00:23Mais oui, quand même un mot sur l'activité industrielle aux États-Unis qui, on l'a vu hier à travers l'ISM, est toujours en contraction une nouvelle fois.
00:33Alors bon, le marché ne s'en inquiète pas trop. On est à nouveau dans un scénario mauvaise nouvelle et bonne nouvelle, notamment pour les anticipations de baisse de taux.
00:39Mais ça alerte quand même un petit peu sur la santé de l'économie américaine.
00:45Oui, c'est clair que cet indicateur-là, il n'est pas orienté de la bonne manière depuis déjà quand même pas mal de mois.
00:51Alors il faut savoir que c'est une enquête qui est menée auprès des directeurs d'achat d'entreprises privées par l'Institut USM.
00:58Alors c'est un échantillon quand même assez particulier.

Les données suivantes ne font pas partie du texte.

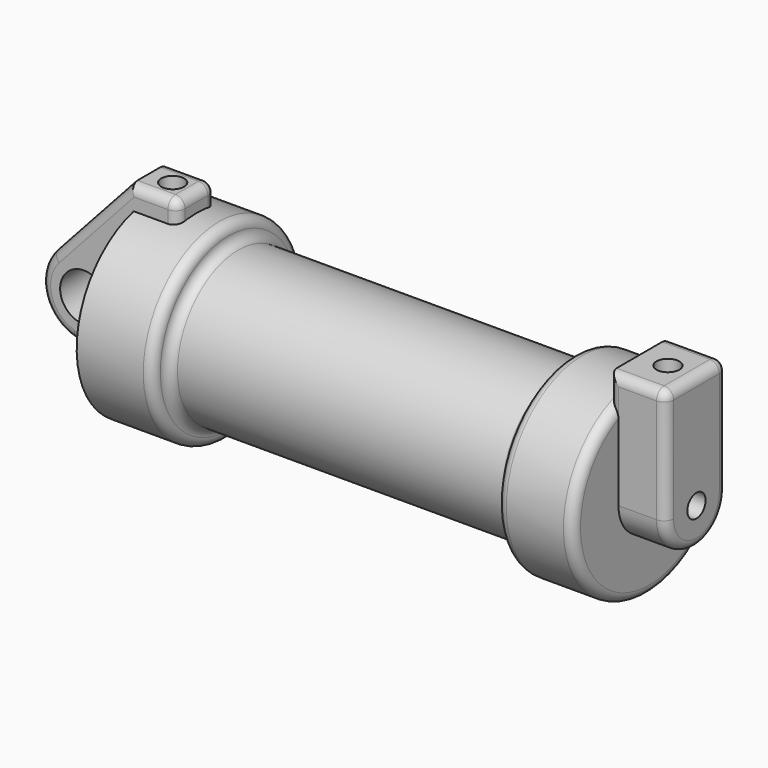
from build123d import *

# Parameters (mm, degrees)
F0_W      = 5.842
F0_H      = 12.7
F0_R      = 3.175
F2_DEPTH  = 3.175
F3_R      = 1.524
F4_DEPTH  = 1.27
F5_DEPTH  = 6.35
F6_DEPTH  = 56.134
F7_R      = 1.524
F8_DEPTH  = 17.78
F9_R      = 1.524
F10_DEPTH = 10.414
F11_R     = 1.26999
F11_2_R   = 1.26999
F11_3_R   = 1.26999


# Not quite as in the source:
# - a fillet or chamfer is up to 0.001 mm smaller than in the source, because OpenCascade refuses the exact size


with BuildPart() as f1:
    # F0 (on Front) → F1 (revolve)
    with BuildSketch(Plane.XZ):
        Polygon((5.842, 12.7), (5.842, 0), (66.294, 0), (66.294, 12.7), (56.134, 12.7), (56.134, 10.16), (10.16, 10.16), (10.16, 12.7), align=None)
        with Locations((2.921, 6.35)):
            Rectangle(F0_W, F0_H)
    revolve(axis=Axis((33.147, 0, 0), (-1, 0, 0)))

    # F3 (on face) → F6 (cut, through all)
    with BuildSketch(Plane.YZ.offset(66.294)):
        Circle(F3_R)
    extrude(amount=-F6_DEPTH, mode=Mode.SUBTRACT)

    # F11 (radius 1.27 in the source; OpenCascade refuses exactly that, so slightly less here)
    f11_edges = [f1.edges().sort_by_distance(p)[0] for p in [
        (10.16, 0, -12.7),
        (10.16, 0, -10.16),
        (56.134, 0, -12.7),
        (66.294, 0, -12.7),
        (66.294, -1.524, 0),
        (56.134, 0, -10.16),
    ]]
    fillet(f11_edges, radius=F11_R)


with BuildPart() as f2:
    # F0 (on Front) → F2 (new body, symmetric)
    with BuildSketch(Plane.XZ):
        with BuildLine():
            Line((-0.9398, 0), (0, 0))
            Line((0, 0), (0, 12.7))
            Line((0, 12.7), (5.842, 12.7))
            Line((5.842, 12.7), (5.842, 15.24))
            Line((5.842, 15.24), (-0.508, 15.24))
            Line((-0.508, 15.24), (-10.8806298187, 3.8475430269))
            ThreePointArc((-10.8806298187, 3.8475430269), (-4.5919612295, 5.3297205562), (-0.9398, 0))
        make_face()
        with BuildLine():
            ThreePointArc((-8.1826630726, -5.5069827884), (-3.1957909266, -4.5493385486), (-0.9398, 0))
            ThreePointArc((-0.9398, 0), (-4.5919612295, 5.3297205562), (-10.8806298187, 3.8475430269))
            ThreePointArc((-10.8806298187, 3.8475430269), (-12.1459778134, -1.5837270034), (-8.1826630726, -5.5069827884))
        make_face()
        with Locations((-6.6548, 0)):
            Circle(F0_R, mode=Mode.SUBTRACT)
        with BuildLine():
            Line((5.842, 0), (0, 0))
            Line((0, 0), (-0.9398, 0))
            ThreePointArc((-0.9398, 0), (-3.1957909266, -4.5493385486), (-8.1826630726, -5.5069827884))
            Line((-8.1826630726, -5.5069827884), (5.842, -9.398))
            Line((5.842, -9.398), (5.842, 0))
        make_face()
        with Locations((2.921, 6.35)):
            Rectangle(F0_W, F0_H)
    extrude(amount=F2_DEPTH, both=True)

    # F7 (on face) → F8 (cut)
    with BuildSketch(Plane.XY.offset(15.24)):
        with Locations((2.667, 0)):
            Circle(F7_R)
    extrude(amount=-F8_DEPTH, mode=Mode.SUBTRACT)

    # F11#2 (radius 1.27 in the source; OpenCascade refuses exactly that, so slightly less here)
    f11_2_edges = [f2.edges().sort_by_distance(p)[0] for p in [
        (5.842, 0, 15.24),
        (2.667, -3.175, 15.24),
        (2.667, 3.175, 15.24),
        (-5.694315, -3.175, 9.543772),
        (-12.145978, -3.175, -1.583727),
        (-5.694315, 3.175, 9.543772),
        (5.842, 3.175, 2.921),
        (5.842, -3.175, 2.921),
        (-12.145978, 3.175, -1.583727),
        (-1.170332, 3.175, -7.452491),
        (-1.170332, -3.175, -7.452491),
    ]]
    fillet(f11_2_edges, radius=F11_2_R)


with BuildPart() as f4:
    # F3 (on face) → F4 (new body)
    with BuildSketch(Plane.YZ.offset(66.294)):
        with BuildLine():
            ThreePointArc((-5.08, 11.6397422652), (0, 12.7), (5.08, 11.6397422652))
            Line((5.08, 11.6397422652), (5.08, 15.24))
            Line((5.08, 15.24), (-5.08, 15.24))
            Line((-5.08, 15.24), (-5.08, 11.6397422652))
        make_face()
        with BuildLine():
            ThreePointArc((-5.08, 0), (0, 5.08), (5.08, 0))
            Line((5.08, 0), (5.08, 11.6397422652))
            ThreePointArc((5.08, 11.6397422652), (0, 12.7), (-5.08, 11.6397422652))
            Line((-5.08, 11.6397422652), (-5.08, 0))
        make_face()
        with BuildLine():
            ThreePointArc((-5.08, 0), (0, -5.08), (5.08, 0))
            ThreePointArc((5.08, 0), (0, 5.08), (-5.08, 0))
        make_face()
        Circle(F3_R, mode=Mode.SUBTRACT)
    extrude(amount=-F4_DEPTH)

    # F5 (add): a face of the model
    f5_faces = [f4.faces().sort_by_distance(p)[0] for p in [
        (66.294, 0, 5.8085929676),
    ]]
    extrude(f5_faces, amount=F5_DEPTH)

    # F9 (on face) → F10 (cut)
    with BuildSketch(Plane.XY.offset(15.24)):
        with Locations((68.834, 0)):
            Circle(F9_R)
    extrude(amount=-F10_DEPTH, mode=Mode.SUBTRACT)

    # F11#3 (radius 1.27 in the source; OpenCascade refuses exactly that, so slightly less here)
    f11_3_edges = [f4.edges().sort_by_distance(p)[0] for p in [
        (72.644, 0, 15.24),
        (68.834, 5.08, 15.24),
        (68.834, -5.08, 15.24),
        (72.644, -5.08, 7.62),
        (68.834, -5.08, 0),
        (65.024, 0, -5.08),
        (68.834, 5.08, 0),
        (72.644, 0, -5.08),
        (65.024, -5.08, 7.62),
        (65.024, 5.08, 7.62),
        (72.644, 5.08, 7.62),
    ]]
    fillet(f11_3_edges, radius=F11_3_R)


solid = Compound([f1.part, f2.part, f4.part])

Il faut savoir que ce sont des grandes entreprises qui sont en fait actives dans le secteur, j'allais dire, de la vieille économie, les secteurs de la vieille économie.
01:09Donc on a des secteurs comme la chimie, comme l'automobile, les machines-outils, l'aéronautique, la métallurgie.
01:18Donc c'est une photo en fait d'une économie qui est effectivement importante. Il ne faut pas le nier aux États-Unis, mais c'est une photo parmi d'autres.
01:27Et c'est un secteur en fait qui est assez, des secteurs qui sont assez exposés à la dynamique des exportations et notamment à la possibilité de vendre notamment des biens d'équipement.
01:37Et un secteur aussi, des secteurs qui sont fort sensibles aux droits de douane.
01:42Donc on voit effectivement que le projet de réindustrialisation du président Trump ne donne pas encore des effets tangibles.
01:48C'est tout à fait normal, ça ne se met pas en place en l'espace de quelques mois.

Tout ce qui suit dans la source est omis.